I have found, however, that the students become interested when they begin to appreciate similarities between Mexico or Latin America and the United States. That is, to the extent that the overview of U.S. history can depart from a standard exceptionalist interpretation (which has widespread influence in Mexico thanks to old textbooks and to the common use of Tocqueville's Democracy in America in reading lists in humanities and social sciences majors) and can explain how the United States faced similar problems and had some similarities to other countries in the Americas, the students become more interested. I have found this strategy useful to draw in students, but it is not just a strategy, for I believe that there is much in favor of seeing the United States as an integral part of the hemisphere. In other words, exceptionalism draws them away, while an implicitly comparative approach opens to them a new perspective and engages their curiosity.

Ronny Regev: Students in Israel are drawn to U.S. history because of an urge to make sense of the popular culture they consume and of current events. Israelis consume a lot of television, movies, and music from the United States. In class, students often mention songs they heard recently or shows they watched. When I teach African American history, for example, there are always several students who mention Kendrick Lamar. I think they are trying to ground their understanding of such popular works within a broader historical context. Since 2016, the turbulent years of the Trump presidency as well as the vibrant and cogent discourse generated by Black Lives Matter activists draw the attention of young people, some of whom wish to understand the history behind these developments. Of course, in Israel, there is also a specific interest in the role played by Jews in U.S. history.

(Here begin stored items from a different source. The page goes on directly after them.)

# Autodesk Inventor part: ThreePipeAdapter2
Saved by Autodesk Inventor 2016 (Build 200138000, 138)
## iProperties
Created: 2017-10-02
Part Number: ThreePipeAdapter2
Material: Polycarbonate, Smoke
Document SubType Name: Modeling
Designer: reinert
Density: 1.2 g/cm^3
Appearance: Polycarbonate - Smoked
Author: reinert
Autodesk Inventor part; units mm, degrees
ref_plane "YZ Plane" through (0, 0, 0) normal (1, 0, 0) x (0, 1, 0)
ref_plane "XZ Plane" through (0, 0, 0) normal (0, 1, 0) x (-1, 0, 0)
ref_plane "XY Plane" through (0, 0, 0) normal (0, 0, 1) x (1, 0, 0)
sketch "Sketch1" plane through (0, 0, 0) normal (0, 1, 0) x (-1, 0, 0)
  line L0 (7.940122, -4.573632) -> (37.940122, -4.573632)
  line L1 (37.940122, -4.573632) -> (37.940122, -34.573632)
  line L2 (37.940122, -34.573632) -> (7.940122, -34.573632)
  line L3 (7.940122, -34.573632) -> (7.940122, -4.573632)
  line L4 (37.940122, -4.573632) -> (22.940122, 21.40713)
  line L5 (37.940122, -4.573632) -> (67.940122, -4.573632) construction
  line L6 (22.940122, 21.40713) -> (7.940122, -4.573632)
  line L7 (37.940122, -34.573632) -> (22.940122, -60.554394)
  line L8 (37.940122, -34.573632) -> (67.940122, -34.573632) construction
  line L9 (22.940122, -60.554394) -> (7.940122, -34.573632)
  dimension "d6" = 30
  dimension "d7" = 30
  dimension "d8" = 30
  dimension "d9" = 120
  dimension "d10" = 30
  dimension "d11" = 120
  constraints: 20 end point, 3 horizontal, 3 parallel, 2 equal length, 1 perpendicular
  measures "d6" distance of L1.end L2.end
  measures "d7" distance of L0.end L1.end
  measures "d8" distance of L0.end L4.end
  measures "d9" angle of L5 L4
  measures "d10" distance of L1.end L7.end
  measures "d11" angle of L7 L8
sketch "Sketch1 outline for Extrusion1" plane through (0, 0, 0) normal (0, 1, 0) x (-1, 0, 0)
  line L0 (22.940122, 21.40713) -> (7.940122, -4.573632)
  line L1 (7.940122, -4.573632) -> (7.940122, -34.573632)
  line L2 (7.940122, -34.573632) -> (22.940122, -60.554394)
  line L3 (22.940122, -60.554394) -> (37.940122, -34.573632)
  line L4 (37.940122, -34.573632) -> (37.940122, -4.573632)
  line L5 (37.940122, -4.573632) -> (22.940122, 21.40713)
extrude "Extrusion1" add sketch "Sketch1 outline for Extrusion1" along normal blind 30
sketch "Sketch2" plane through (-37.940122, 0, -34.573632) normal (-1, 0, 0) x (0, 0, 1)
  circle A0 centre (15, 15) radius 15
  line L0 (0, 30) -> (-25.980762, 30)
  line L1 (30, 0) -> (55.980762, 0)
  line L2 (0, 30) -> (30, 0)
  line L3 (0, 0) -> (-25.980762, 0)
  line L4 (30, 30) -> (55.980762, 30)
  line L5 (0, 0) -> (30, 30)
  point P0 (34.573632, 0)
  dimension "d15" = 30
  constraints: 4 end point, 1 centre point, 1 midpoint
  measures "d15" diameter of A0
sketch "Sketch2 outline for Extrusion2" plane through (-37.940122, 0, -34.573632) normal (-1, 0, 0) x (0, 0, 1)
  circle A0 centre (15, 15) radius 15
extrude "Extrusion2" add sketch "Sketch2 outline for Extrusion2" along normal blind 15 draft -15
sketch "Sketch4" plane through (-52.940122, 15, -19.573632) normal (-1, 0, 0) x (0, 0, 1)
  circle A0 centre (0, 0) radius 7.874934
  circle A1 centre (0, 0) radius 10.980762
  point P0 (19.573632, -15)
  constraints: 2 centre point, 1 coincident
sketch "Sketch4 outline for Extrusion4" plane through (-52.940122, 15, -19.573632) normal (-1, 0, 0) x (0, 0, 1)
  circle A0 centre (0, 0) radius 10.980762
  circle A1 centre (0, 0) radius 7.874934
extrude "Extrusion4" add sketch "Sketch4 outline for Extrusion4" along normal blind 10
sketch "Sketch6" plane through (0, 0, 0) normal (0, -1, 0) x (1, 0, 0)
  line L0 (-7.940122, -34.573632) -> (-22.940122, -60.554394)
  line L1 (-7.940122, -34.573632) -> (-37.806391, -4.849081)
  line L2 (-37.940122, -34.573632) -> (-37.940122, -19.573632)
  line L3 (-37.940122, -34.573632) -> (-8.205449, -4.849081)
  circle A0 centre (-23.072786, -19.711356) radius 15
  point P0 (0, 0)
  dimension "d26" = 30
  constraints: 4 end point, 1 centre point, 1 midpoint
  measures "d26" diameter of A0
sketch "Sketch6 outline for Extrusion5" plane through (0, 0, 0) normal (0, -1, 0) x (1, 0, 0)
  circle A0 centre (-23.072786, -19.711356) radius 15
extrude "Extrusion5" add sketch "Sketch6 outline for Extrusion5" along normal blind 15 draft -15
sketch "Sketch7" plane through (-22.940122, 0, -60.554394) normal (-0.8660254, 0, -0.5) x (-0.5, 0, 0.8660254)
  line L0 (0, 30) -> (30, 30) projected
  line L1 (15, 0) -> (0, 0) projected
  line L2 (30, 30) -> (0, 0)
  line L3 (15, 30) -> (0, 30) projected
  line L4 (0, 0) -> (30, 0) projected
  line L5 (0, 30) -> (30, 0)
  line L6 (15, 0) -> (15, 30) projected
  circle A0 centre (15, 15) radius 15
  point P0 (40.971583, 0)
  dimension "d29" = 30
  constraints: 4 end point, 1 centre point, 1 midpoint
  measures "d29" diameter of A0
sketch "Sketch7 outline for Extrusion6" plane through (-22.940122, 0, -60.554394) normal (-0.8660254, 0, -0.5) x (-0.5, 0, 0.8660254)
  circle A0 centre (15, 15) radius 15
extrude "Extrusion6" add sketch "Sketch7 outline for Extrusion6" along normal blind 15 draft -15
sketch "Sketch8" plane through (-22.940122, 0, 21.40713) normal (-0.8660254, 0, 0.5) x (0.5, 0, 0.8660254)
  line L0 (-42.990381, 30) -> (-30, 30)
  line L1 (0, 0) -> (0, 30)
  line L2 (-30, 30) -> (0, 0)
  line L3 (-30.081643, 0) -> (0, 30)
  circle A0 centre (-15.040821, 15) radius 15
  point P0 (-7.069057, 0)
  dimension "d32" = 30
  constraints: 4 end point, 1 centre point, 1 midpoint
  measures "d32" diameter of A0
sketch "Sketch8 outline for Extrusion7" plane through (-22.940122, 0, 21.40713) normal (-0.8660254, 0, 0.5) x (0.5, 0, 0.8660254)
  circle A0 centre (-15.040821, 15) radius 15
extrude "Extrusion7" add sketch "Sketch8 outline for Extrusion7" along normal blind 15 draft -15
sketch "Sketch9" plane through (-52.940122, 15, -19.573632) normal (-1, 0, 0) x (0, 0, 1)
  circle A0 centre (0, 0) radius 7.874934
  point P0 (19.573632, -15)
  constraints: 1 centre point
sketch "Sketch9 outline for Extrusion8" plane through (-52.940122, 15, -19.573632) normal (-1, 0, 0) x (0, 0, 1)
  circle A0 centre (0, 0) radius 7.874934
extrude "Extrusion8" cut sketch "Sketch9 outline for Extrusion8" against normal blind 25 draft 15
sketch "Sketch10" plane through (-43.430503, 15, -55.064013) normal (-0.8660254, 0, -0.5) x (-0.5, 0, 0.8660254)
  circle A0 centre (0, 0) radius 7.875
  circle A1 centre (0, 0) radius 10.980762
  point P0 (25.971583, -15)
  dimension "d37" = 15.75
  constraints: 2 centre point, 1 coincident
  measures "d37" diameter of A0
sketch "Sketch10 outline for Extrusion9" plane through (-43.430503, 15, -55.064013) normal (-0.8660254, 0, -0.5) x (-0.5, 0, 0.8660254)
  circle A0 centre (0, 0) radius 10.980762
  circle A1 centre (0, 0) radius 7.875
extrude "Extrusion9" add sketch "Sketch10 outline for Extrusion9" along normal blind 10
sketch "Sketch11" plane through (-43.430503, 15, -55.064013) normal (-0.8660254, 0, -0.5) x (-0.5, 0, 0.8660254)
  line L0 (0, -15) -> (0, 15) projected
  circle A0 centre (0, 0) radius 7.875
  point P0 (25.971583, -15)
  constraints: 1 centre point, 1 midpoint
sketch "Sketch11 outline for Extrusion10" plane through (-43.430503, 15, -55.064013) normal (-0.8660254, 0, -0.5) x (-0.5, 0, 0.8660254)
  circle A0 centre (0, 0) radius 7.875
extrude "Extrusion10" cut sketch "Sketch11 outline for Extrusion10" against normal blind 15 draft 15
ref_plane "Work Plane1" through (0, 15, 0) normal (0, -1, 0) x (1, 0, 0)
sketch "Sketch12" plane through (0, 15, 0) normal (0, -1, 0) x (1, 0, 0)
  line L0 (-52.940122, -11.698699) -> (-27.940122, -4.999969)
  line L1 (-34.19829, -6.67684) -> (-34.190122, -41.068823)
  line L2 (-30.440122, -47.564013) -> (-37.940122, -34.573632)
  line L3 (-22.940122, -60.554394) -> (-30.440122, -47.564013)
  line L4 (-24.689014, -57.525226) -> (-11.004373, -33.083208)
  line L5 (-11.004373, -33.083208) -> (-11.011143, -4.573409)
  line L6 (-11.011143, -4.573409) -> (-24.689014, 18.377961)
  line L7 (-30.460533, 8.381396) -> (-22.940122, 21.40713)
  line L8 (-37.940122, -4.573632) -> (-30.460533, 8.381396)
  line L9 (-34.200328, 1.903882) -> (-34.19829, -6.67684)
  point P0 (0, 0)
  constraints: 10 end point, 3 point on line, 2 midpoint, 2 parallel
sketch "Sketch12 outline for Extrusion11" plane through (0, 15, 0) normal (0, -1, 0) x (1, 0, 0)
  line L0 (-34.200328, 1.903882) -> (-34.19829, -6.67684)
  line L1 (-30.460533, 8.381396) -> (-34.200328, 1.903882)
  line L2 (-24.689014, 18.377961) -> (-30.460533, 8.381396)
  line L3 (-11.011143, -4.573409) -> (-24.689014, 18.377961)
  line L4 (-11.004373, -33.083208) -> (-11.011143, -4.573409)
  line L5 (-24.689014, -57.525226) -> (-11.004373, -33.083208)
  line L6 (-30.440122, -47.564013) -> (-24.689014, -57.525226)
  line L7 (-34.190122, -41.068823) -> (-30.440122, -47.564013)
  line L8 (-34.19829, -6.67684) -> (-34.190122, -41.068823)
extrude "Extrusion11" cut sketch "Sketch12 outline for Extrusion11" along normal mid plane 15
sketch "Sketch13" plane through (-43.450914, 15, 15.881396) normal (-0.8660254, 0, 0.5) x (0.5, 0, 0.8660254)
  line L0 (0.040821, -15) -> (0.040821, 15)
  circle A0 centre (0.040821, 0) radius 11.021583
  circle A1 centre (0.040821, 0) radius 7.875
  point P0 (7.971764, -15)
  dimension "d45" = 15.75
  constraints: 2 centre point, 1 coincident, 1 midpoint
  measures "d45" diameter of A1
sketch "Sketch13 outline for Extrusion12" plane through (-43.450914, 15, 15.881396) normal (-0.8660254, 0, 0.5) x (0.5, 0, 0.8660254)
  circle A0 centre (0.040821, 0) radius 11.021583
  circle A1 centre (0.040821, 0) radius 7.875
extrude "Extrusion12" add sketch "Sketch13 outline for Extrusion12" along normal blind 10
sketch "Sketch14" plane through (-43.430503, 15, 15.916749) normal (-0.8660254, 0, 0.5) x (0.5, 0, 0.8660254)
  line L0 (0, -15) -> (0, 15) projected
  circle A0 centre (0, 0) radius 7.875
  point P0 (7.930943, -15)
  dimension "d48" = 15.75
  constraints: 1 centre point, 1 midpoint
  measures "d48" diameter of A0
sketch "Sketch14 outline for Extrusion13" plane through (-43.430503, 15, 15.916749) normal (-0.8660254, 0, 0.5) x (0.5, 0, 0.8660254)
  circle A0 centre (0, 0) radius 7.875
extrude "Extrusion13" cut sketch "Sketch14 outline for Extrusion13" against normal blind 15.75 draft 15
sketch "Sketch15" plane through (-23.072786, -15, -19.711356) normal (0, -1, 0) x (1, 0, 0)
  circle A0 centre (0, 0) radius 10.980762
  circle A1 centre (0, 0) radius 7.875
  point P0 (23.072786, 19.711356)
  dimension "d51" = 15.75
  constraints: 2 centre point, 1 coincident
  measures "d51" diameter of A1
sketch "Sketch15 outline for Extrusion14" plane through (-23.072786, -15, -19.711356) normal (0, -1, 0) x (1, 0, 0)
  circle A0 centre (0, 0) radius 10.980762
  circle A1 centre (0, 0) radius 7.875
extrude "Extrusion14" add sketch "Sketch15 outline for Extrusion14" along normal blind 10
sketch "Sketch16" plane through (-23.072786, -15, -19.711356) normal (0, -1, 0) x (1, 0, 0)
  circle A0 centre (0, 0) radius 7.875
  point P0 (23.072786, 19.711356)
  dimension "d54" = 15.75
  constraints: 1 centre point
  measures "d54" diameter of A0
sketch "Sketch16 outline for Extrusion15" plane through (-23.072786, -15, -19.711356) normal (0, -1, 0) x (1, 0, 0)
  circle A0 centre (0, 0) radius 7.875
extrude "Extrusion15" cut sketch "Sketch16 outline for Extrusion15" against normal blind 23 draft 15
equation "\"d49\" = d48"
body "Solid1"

Students are mostly confused by the messiness of history and the complexities of human interaction. I am not sure this is unique to the study of U.S. history, but, in this particular context, they are often confused by the lack of clear dichotomies. Students often ask many questions when we discuss the fact that slavery was not just a Southern institution, or that most Southerners did not hold slaves yet supported the Confederacy, or that the Franklin D. Roosevelt coalition included Southern Democrats as well as African Americans. Another point of confusion has to do with tropes and stereotypes. Here too, I don't think this is specific to the study of the United States, but there are several key concepts that students grapple with. One such concept is racism and the need to historicize it rather than treat it as a catch-all explanation. I usually assign Barbara Fields in order to start a more nuanced conversation. Another such concept is “the American Dream.” I often encounter students who use this trope as if it is an ahistorical truism, and I find it hard to convey the idea that the United States, like all societies, is not a static nation with a static set of beliefs.

Zach Fredman: I teach at Duke Kunshan University (DKU) in China, Duke University's joint venture campus near Shanghai. Our student body is around 65 percent Chinese, 15 percent American, and 20 percent international from many other countries. Most students who study modern U.S. history at DKU tend to be interested in American culture and hope to attend graduate school in the United States. The most common interests among students I've taught are music, film and television, professional sports, comedy, and literature. All DKU students study abroad at Duke for a semester during their junior year, so some non-American students think that taking a modern U.S. history course will help them to prepare for this experience.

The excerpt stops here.